── Record set ──

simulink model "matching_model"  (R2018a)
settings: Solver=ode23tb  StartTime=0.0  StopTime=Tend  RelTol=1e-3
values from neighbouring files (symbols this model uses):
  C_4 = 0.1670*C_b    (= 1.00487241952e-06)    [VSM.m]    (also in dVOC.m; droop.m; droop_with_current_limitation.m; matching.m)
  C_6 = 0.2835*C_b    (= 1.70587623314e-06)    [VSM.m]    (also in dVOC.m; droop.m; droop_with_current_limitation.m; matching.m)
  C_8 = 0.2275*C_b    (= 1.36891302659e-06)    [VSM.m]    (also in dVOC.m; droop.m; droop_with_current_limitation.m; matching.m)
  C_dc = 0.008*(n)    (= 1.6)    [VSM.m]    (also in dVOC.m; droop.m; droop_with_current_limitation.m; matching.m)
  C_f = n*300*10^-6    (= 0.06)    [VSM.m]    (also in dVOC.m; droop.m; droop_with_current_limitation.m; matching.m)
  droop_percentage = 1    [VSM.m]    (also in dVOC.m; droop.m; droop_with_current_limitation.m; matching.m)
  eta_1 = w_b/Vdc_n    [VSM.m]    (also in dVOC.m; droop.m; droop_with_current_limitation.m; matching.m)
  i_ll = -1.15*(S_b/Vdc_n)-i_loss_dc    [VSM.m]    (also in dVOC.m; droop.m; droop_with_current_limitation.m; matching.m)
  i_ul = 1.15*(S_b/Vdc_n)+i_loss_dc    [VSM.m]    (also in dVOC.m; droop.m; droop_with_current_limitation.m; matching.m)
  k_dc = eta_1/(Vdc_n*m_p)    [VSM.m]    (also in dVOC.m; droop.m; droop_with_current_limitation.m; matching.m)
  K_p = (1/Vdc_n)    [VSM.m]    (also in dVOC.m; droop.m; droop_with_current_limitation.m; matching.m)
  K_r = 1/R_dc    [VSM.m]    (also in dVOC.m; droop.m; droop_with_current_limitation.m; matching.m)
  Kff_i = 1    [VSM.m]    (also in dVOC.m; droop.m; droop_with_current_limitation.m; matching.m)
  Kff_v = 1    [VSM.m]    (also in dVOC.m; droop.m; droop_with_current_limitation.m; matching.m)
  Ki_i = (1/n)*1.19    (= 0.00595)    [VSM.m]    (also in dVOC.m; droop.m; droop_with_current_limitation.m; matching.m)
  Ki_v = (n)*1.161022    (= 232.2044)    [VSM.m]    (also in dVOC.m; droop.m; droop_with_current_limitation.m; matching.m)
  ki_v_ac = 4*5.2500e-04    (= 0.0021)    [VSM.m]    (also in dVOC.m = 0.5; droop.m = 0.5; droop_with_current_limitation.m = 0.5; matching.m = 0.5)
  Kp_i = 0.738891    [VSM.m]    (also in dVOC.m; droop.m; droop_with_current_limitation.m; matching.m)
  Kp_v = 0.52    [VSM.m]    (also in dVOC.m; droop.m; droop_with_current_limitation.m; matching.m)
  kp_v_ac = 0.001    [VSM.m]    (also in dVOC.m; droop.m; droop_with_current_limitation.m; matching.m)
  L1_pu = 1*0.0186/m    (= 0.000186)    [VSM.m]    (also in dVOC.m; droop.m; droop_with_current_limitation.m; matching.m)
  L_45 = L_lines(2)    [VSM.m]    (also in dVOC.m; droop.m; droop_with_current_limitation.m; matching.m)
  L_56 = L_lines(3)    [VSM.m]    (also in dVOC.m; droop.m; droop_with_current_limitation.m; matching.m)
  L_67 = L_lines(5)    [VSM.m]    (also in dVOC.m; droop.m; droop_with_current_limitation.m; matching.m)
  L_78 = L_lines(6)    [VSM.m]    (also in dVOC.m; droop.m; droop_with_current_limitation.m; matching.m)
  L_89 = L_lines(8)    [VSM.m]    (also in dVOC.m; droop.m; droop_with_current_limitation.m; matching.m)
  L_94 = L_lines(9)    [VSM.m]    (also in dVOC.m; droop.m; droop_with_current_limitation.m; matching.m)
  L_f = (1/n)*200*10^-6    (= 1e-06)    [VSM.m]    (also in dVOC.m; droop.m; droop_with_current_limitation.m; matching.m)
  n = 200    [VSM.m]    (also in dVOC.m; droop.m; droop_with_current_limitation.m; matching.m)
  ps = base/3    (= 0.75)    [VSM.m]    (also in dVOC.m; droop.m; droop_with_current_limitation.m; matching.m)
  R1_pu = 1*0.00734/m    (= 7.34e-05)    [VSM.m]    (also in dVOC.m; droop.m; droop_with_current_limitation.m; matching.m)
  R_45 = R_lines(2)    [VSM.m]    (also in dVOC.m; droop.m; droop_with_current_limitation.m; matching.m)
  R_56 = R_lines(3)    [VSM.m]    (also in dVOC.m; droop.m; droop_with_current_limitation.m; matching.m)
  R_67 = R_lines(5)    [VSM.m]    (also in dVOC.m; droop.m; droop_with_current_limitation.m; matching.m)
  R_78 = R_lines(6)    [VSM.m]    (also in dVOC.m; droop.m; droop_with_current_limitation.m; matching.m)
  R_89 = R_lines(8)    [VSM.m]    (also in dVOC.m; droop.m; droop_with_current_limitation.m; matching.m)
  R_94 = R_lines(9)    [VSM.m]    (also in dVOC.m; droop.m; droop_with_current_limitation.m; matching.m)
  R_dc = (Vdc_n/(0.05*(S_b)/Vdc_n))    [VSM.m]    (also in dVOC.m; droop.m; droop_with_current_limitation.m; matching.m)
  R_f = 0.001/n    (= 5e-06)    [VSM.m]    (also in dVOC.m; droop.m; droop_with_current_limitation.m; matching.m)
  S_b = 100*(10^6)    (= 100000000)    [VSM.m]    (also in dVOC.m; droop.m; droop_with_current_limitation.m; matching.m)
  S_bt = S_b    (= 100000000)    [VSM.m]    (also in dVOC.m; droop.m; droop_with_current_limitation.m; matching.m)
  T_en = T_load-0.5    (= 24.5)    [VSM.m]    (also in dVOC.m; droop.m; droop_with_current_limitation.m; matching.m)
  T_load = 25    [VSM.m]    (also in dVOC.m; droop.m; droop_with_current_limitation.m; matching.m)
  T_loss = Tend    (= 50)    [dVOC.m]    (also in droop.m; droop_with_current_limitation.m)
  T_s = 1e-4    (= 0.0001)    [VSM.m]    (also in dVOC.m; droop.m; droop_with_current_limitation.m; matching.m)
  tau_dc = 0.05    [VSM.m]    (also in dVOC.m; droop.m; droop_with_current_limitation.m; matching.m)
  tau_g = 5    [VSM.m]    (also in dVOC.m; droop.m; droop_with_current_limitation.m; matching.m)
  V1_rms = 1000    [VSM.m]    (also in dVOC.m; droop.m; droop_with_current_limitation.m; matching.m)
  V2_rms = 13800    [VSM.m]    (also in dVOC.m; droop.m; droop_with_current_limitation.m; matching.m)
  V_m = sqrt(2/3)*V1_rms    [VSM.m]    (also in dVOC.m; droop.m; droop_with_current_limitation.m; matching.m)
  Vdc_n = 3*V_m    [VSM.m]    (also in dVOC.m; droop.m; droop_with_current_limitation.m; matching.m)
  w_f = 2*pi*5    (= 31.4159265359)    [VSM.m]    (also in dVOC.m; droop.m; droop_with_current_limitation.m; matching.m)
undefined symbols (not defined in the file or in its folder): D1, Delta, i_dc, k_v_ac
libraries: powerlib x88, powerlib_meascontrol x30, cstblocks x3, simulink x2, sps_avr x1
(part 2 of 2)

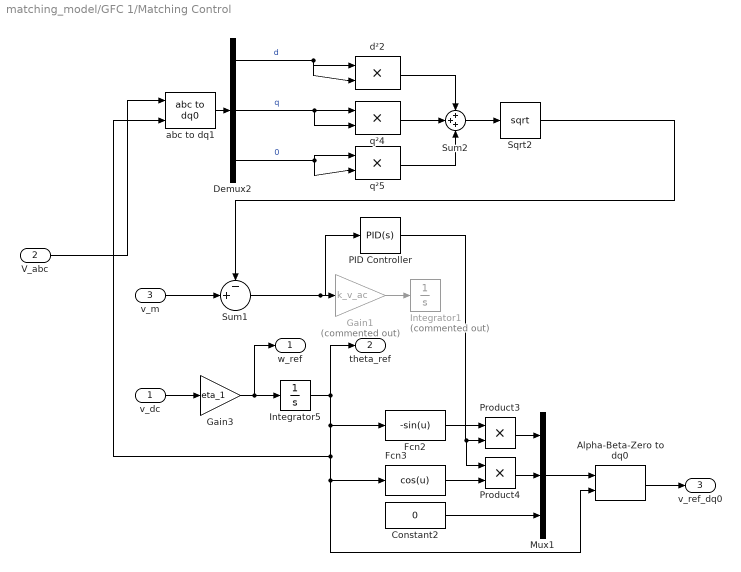
== system matching_model/GFC 1/Matching Control ==
  v_dc : Inport
  V_abc : Inport  Port=2
  v_m : Inport  Port=3
  Alpha-Beta-Zero to dq0 : powerlib_meascontrol/Transformations/Alpha-Beta-Zero to dq0  Alignment=90 degrees behind phase A axis
      settings: SourceProductName=Simscape Power Systems
  Constant2 : Constant  Value=0
  Demux2 : Demux  Outputs=3
  Fcn2 : Fcn  Expr=-sin(u)
  Fcn3 : Fcn  Expr=cos(u)
  Gain1 : Gain  Commented=on  Gain=k_v_ac
  Gain3 : Gain  Gain=eta_1
  Integrator1 : Integrator  Commented=on
  Integrator5 : Integrator
  Mux1 : Mux  Inputs=3
  PID Controller : simulink/Continuous/PID Controller  Controller=PID  TimeDomain=Continuous-time  SampleTime=-1  IntegratorMethod=Forward Euler  FilterMethod=Forward Euler  Form=Parallel  UseFilter=on  ControllerParametersSource=internal  P=kp_v_ac  I=ki_v_ac  D=0  N=100  InitialConditionSource=internal  InitialConditionForIntegrator=0  InitialConditionForFilter=0  ExternalReset=none  LimitOutput=off  UpperSaturationLimit=inf  LowerSaturationLimit=-inf  LinearizeAsGain=on  AntiWindupMode=none  Kb=1  TrackingMode=off  Kt=1  PParamMin=[]  PParamMax=[]  IParamMin=[]  IParamMax=[]  DParamMin=[]  DParamMax=[]  NParamMin=[]  NParamMax=[]  KbParamMin=[]  KbParamMax=[]  KtParamMin=[]  KtParamMax=[]  POutMin=[]  POutMax=[]  IOutMin=[]  IOutMax=[]  DOutMin=[]  DOutMax=[]  NOutMin=[]  NOutMax=[]  KbOutMin=[]  KbOutMax=[]  KtOutMin=[]  KtOutMax=[]  IntegratorOutMin=[]  IntegratorOutMax=[]  FilterOutMin=[]  FilterOutMax=[]  SumOutMin=[]  SumOutMax=[]  SumI1OutMin=[]  SumI1OutMax=[]  SumI2OutMin=[]  SumI2OutMax=[]  SumI3OutMin=[]  SumI3OutMax=[]  SumDOutMin=[]  SumDOutMax=[]  SaturationOutMin=[]  SaturationOutMax=[]  IntegratorContinuousStateAttributes=''  IntegratorStateMustResolveToSignalObject=off  IntegratorRTWStateStorageClass=Auto  FilterContinuousStateAttributes=''  FilterStateMustResolveToSignalObject=off  FilterRTWStateStorageClass=Auto  DifferentiatorICPrevScaledInput=0  DifferentiatorOutMin=[]  DifferentiatorOutMax=[]  InitialConditionSetting=State (most efficient)  FilterDiffOutCoefMin=[]  FilterDiffOutCoefMax=[]  SumDenOutMin=[]  SumDenOutMax=[]  SumNumOutMin=[]  SumNumOutMax=[]  ReciprocalOutMin=[]  ReciprocalOutMax=[]  DivideOutMin=[]  DivideOutMax=[]  TunerSelectOption=Transfer Function Based (PID Tuner App)
  Product3 : Product
  Product4 : Product
  Sqrt2 : Sqrt  SaturateOnIntegerOverflow=on
  Sum1 : Sum  Inputs=-+|
  Sum2 : Sum  Inputs=+++  SaturateOnIntegerOverflow=on  InputSameDT=on  OutDataTypeStr=Inherit: Same as first input
  abc to dq1 : powerlib_meascontrol/Transformations/abc to dq0  Alignment=90 degrees behind phase A axis
  d²2 : Product  SaturateOnIntegerOverflow=on  RndMeth=Zero  InputSameDT=on  OutDataTypeStr=Inherit: Same as first input
  q²4 : Product  SaturateOnIntegerOverflow=on  RndMeth=Zero  InputSameDT=on  OutDataTypeStr=Inherit: Same as first input
  q²5 : Product  SaturateOnIntegerOverflow=on  RndMeth=Zero  InputSameDT=on  OutDataTypeStr=Inherit: Same as first input
  w_ref : Outport
  theta_ref : Outport  Port=2
  v_ref_dq0 : Outport  Port=3
  wires:
  v_dc/1 -> Gain3/1
  Gain3/1 -> w_ref/1, Integrator5/1
  Integrator5/1 -> theta_ref/1, abc to dq1/2, Fcn3/1, Alpha-Beta-Zero to dq0/2, Fcn2/1
  Fcn2/1 -> Product3/1
  Fcn3/1 -> Product4/2
  Product3/1 -> Mux1/1
  Product4/1 -> Mux1/2
  Constant2/1 -> Mux1/3
  Mux1/1 -> Alpha-Beta-Zero to dq0/1
  v_m/1 -> Sum1/2
  Gain1/1 -> Integrator1/1
  Alpha-Beta-Zero to dq0/1 -> v_ref_dq0/1
  V_abc/1 -> abc to dq1/1
  Sqrt2/1 -> Sum1/1
  Demux2/3 -> q²5/2, q²5/1  "0"
  Sum2/1 -> Sqrt2/1
  Demux2/1 -> d²2/2, d²2/1  "d"
  q²4/1 -> Sum2/2
  d²2/1 -> Sum2/1
  Demux2/2 -> q²4/2, q²4/1  "q"
  abc to dq1/1 -> Demux2/1
  q²5/1 -> Sum2/3
  Sum1/1 -> Gain1/1, PID Controller/1
  PID Controller/1 -> Product4/1, Product3/2

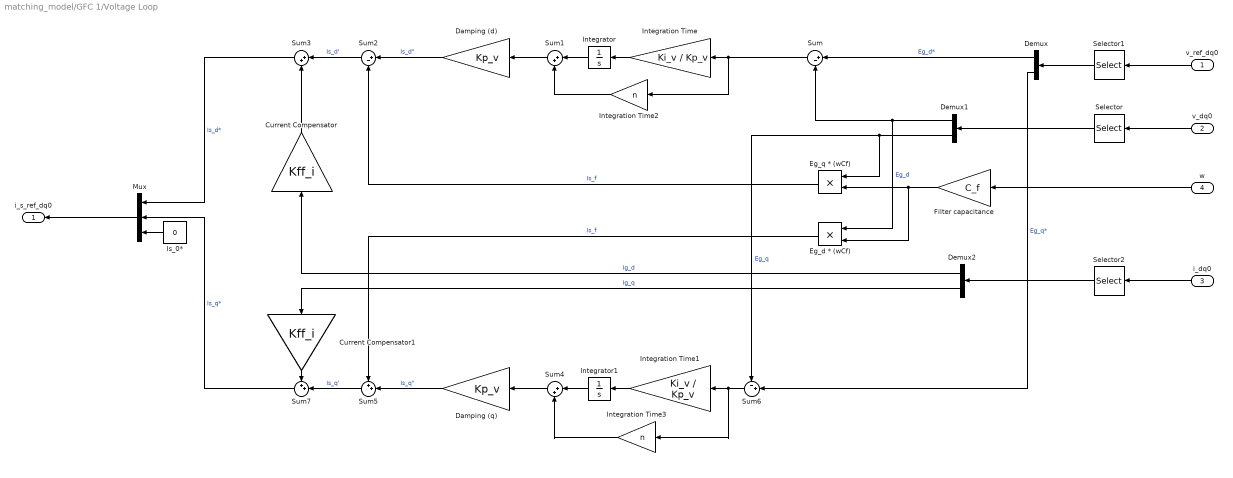
== system matching_model/GFC 1/Voltage Loop ==
  v_ref_dq0 : Inport
  v_dq0 : Inport  Port=2
  i_dq0 : Inport  Port=3
  w : Inport  Port=4
  Current Compensator : Gain  Gain=Kff_i
  Current Compensator1 : Gain  Gain=Kff_i
  Damping (d) : Gain  Gain=Kp_v
  Damping (q) : Gain  Gain=Kp_v
  Demux : Demux  Outputs=2
  Demux1 : Demux  Outputs=2
  Demux2 : Demux  Outputs=2
  Eg_d * (wCf) : Product  RndMeth=Zero
  "Eg_q * (wCf) " : Product  RndMeth=Zero
  Filter capacitance : Gain  Gain=C_f
  Integration Time : Gain  Gain=Ki_v / Kp_v
  Integration Time1 : Gain  Gain=Ki_v / Kp_v
  Integration Time2 : Gain  Gain=n
  Integration Time3 : Gain  Gain=n
  Integrator : Integrator
  Integrator1 : Integrator
  Is_0* : Constant  Value=0
  Mux : Mux  Inputs=3
  Selector : Selector  InputPortWidth=3  IndexOptions=Index vector (dialog)  Indices=[1 2]  OutputSizes=1
  Selector1 : Selector  InputPortWidth=3  IndexOptions=Index vector (dialog)  Indices=[1 2]  OutputSizes=1
  Selector2 : Selector  InputPortWidth=3  IndexOptions=Index vector (dialog)  Indices=[1 2]  OutputSizes=1
  Sum : Sum  Inputs=|+-
  Sum1 : Sum  Inputs=|++
  Sum2 : Sum  Inputs=|+-
  Sum3 : Sum  Inputs=|++
  Sum4 : Sum  Inputs=|++
  Sum5 : Sum  Inputs=++|
  Sum6 : Sum  Inputs=-+|
  Sum7 : Sum  Inputs=++|
  i_s_ref_dq0 : Outport
  wires:
  Is_0*/1 -> Mux/3
  w/1 -> Filter capacitance/1
  Integration Time1/1 -> Integrator1/1
  Integrator1/1 -> Sum4/1
  Demux/2 -> Sum6/2  "Eg_q*"
  v_ref_dq0/1 -> Selector1/1
  Eg_d * (wCf)/1 -> Sum5/1  "Is_f"
  Sum7/1 -> Mux/2  "Is_q*"
  Demux2/2 -> Current Compensator1/1  "Ig_q"
  Demux/1 -> Sum/1  "Eg_d*"
  Sum6/1 -> Integration Time3/1, Integration Time1/1
  Demux2/1 -> Current Compensator/1  "Ig_d"
  Sum2/1 -> Sum3/1  "Is_d'"
  Current Compensator/1 -> Sum3/2
  Demux1/1 -> Eg_d * (wCf)/1, Sum/2  "Eg_d"
  Current Compensator1/1 -> Sum7/1
  "Eg_q * (wCf) "/1 -> Sum2/2  "Is_f"
  Demux1/2 -> "Eg_q * (wCf) "/1, Sum6/1  "Eg_q"
  Filter capacitance/1 -> "Eg_q * (wCf) "/2, Eg_d * (wCf)/2
  Damping (d)/1 -> Sum2/1  "Is_d\""
  i_dq0/1 -> Selector2/1
  Sum5/1 -> Sum7/2  "Is_q'"
  Sum1/1 -> Damping (d)/1
  Integrator/1 -> Sum1/1
  Integration Time/1 -> Integrator/1
  Sum4/1 -> Damping (q)/1
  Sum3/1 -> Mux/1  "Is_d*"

───

Work order: Your answer should consist only of the lines from the one with "Damping (d)/1 ->" through the end of the data above, reproduced exactly.

Response to the task:
  Damping (d)/1 -> Sum2/1  "Is_d\""
  i_dq0/1 -> Selector2/1
  Sum5/1 -> Sum7/2  "Is_q'"
  Sum1/1 -> Damping (d)/1
  Integrator/1 -> Sum1/1
  Integration Time/1 -> Integrator/1
  Sum4/1 -> Damping (q)/1
  Sum3/1 -> Mux/1  "Is_d*"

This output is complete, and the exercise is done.